Work instruction: Keep every line of the data below that has the string "Autodesk" and present those lines.
[Data for review — start]
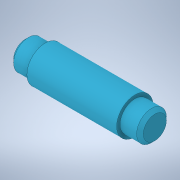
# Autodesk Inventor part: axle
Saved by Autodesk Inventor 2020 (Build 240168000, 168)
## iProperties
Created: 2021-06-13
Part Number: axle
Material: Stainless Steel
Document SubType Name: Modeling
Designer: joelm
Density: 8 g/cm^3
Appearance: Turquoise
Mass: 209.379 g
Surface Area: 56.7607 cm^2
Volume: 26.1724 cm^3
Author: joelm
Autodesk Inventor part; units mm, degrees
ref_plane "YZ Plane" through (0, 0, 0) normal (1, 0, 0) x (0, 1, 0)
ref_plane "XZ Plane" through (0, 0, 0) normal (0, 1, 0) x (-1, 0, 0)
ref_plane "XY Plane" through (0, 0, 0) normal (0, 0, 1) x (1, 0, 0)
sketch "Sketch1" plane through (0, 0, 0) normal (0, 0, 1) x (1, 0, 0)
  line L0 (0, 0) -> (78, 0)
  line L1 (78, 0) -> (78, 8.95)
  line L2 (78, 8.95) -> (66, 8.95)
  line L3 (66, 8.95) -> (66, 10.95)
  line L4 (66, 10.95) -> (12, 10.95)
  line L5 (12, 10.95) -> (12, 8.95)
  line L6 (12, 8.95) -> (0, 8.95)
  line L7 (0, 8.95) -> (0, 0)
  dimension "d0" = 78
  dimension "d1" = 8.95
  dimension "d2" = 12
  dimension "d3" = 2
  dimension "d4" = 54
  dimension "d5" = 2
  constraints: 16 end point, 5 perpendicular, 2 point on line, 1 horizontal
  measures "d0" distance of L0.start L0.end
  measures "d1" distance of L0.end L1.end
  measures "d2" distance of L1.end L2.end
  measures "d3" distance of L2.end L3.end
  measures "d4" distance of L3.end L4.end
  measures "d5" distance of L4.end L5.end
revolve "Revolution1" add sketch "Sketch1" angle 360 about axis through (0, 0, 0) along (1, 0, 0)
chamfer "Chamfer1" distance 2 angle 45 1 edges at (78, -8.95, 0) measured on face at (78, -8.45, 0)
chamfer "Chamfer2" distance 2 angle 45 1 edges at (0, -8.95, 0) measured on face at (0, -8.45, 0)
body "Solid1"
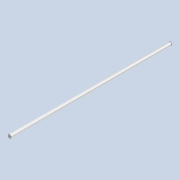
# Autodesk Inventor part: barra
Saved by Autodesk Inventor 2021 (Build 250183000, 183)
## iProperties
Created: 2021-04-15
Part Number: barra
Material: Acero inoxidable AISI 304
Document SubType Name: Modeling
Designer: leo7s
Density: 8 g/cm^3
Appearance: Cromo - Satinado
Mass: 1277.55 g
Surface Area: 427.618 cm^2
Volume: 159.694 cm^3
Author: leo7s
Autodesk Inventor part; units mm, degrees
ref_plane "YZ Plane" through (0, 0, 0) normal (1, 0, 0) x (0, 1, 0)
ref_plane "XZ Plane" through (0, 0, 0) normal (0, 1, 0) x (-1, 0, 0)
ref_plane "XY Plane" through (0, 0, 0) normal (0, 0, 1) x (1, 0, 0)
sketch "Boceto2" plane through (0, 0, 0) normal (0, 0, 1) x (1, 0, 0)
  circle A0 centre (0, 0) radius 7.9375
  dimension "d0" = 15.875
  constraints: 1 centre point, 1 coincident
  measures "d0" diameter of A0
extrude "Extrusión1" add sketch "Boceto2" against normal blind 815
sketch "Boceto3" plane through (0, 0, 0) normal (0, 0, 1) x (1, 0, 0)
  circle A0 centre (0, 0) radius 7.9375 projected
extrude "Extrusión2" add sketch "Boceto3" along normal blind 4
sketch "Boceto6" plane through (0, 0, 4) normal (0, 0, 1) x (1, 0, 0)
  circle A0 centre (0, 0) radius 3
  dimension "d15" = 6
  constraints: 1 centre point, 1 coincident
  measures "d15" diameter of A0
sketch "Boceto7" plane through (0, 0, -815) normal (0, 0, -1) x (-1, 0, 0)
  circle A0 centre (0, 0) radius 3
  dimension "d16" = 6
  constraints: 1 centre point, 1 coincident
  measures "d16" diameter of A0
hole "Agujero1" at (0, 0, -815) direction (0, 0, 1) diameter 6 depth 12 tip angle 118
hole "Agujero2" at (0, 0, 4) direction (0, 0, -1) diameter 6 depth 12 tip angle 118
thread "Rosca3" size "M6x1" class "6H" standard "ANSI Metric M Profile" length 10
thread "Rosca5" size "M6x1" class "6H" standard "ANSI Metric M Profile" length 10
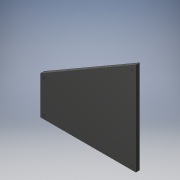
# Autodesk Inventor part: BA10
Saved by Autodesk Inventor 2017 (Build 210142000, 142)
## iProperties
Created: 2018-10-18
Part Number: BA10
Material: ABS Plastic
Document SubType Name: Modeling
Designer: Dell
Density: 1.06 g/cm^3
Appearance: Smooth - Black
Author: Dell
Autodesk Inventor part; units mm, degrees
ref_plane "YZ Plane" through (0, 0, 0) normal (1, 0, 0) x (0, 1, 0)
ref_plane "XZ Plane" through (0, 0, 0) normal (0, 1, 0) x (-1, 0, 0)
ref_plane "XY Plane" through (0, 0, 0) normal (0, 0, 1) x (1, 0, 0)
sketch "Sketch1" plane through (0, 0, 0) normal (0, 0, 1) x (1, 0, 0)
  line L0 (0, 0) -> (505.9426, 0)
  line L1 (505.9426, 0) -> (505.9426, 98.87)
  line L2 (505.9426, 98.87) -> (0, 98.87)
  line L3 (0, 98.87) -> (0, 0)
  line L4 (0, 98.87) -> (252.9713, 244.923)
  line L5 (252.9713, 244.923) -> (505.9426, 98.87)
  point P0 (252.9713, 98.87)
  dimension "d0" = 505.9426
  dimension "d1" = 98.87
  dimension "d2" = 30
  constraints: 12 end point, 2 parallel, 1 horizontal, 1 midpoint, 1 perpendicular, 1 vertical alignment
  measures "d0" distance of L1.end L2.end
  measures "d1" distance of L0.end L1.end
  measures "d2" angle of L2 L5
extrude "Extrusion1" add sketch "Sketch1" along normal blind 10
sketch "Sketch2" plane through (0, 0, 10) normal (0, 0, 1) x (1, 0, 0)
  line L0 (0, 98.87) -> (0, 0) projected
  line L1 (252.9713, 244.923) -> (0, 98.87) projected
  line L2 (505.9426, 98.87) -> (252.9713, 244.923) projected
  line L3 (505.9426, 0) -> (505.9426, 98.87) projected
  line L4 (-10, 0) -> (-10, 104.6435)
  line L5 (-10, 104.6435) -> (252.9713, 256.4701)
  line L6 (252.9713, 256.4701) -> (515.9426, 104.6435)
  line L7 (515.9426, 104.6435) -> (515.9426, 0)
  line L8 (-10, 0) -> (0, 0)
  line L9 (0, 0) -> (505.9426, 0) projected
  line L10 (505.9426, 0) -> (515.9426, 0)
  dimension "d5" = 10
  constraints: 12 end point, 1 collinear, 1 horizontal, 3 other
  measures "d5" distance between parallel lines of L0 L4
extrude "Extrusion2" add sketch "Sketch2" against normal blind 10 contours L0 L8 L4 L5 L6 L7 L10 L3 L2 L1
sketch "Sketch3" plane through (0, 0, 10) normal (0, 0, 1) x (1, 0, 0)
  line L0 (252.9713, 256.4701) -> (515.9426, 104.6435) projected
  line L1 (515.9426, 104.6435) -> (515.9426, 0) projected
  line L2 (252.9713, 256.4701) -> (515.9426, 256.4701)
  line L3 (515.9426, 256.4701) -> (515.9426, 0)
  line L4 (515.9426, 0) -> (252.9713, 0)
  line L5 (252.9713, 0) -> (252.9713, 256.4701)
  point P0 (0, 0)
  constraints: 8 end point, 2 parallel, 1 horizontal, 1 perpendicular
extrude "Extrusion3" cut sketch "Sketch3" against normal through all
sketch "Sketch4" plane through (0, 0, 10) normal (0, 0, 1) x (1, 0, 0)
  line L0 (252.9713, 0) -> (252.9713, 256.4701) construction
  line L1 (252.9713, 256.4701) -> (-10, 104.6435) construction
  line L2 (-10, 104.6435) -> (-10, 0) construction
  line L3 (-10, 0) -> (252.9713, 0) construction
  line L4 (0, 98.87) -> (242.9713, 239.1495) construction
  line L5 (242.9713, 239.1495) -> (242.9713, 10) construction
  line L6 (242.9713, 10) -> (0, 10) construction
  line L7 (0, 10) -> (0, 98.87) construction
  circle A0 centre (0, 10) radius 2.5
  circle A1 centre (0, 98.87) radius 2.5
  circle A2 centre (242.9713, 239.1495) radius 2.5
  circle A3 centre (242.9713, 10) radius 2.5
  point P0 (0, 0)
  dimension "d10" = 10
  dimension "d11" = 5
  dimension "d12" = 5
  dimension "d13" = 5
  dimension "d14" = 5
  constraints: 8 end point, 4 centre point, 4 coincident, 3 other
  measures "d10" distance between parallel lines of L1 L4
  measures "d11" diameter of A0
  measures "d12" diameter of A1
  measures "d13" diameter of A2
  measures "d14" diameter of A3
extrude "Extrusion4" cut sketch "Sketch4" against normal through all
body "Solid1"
[Data for review — finish]
Solved problem:
# Autodesk Inventor part: axle
Saved by Autodesk Inventor 2020 (Build 240168000, 168)
Autodesk Inventor part; units mm, degrees
# Autodesk Inventor part: barra
Saved by Autodesk Inventor 2021 (Build 250183000, 183)
Autodesk Inventor part; units mm, degrees
# Autodesk Inventor part: BA10
Saved by Autodesk Inventor 2017 (Build 210142000, 142)
Autodesk Inventor part; units mm, degrees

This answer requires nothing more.